On one hand, that's a huge compliment. Jesus is telling this man that he "gets it" in a way the other religious leaders didn't. He understood the heart of the Law.

But on the other hand, "not far" isn't the same thing as "in."

You can know the right answers. You can agree with Jesus. You can admire His teaching and understand the importance of love. But the Kingdom of God isn't just about intellectual agreement; it's about surrender. It's about actually doing the loving. It's about moving from the "not far" category into a living relationship where those two commandments become the north star of your life.

Bringing it Home

So, what does this mean for us as we wrap up this sermon on Mark 12 28-34?

It means we need to do a little bit of a heart check. If someone looked at your life—your calendar, your bank account, the way you talk to your spouse, the way you treat the cashier at the grocery store—would they see someone who is striving to love God with everything and their neighbor as themselves?

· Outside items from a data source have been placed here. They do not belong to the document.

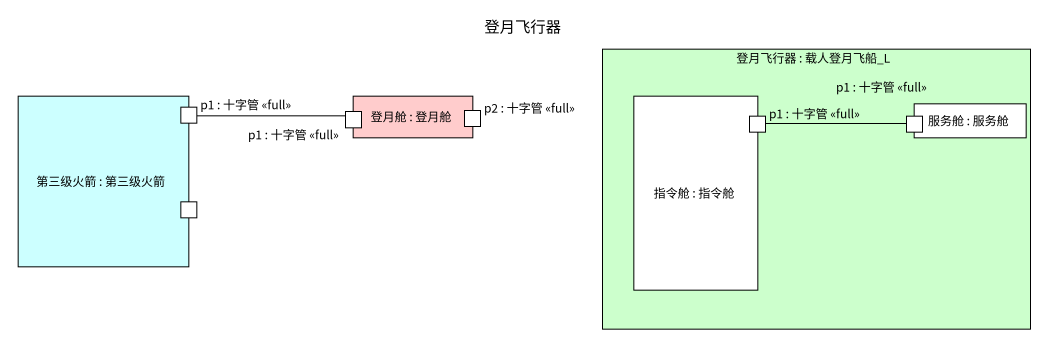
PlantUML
@startuml
title 登月飞行器
rectangle "登月飞行器 : 载人登月飞船_L" as 登月飞行器 #CCFFCC {
  rectangle "指令舱 : 指令舱" as 指令舱 {
    port "p1 : 十字管 <<full>>" as p1_十字管_full_3
  }
  rectangle "服务舱 : 服务舱" as 服务舱 {
    port "p1 : 十字管 <<full>>" as p1_十字管_full_4
  }
}
rectangle "第三级火箭 : 第三级火箭" as 第三级火箭 #CCFFFF {
  port "p1 : 十字管 <<full>>" as p1_十字管_full
  port " " as port1
}
rectangle "登月舱 : 登月舱" as 登月舱 #FFCCCC {
  port "p1 : 十字管 <<full>>" as p1_十字管_full_2
  port "p2 : 十字管 <<full>>" as p2_十字管_full
}
p1_十字管_full -right- p1_十字管_full_2
p1_十字管_full_3 -right- p1_十字管_full_4
@enduml

The beauty of this passage is that Jesus simplifies everything. Faith isn't about keeping 613 rules perfectly. It isn't about being the smartest person in the room or the most religious person in the pews. It's about love.

That sounds simple, but we all know it's the hardest thing in the world to do. We can't do it on our own strength. We need the grace of the one who spoke these words to help us live them out.

Jesus didn't just preach this sermon; He lived it. He loved God perfectly and He loved us—His neighbors—so much that He gave His life for us. When we realize how much we are loved by Him, it becomes a lot easier to start loving Him and others back.

Maybe today is the day to move from being "not far" from the Kingdom to stepping right into the middle of it. It starts with a simple "yes" to the command to love. Everything else is just details.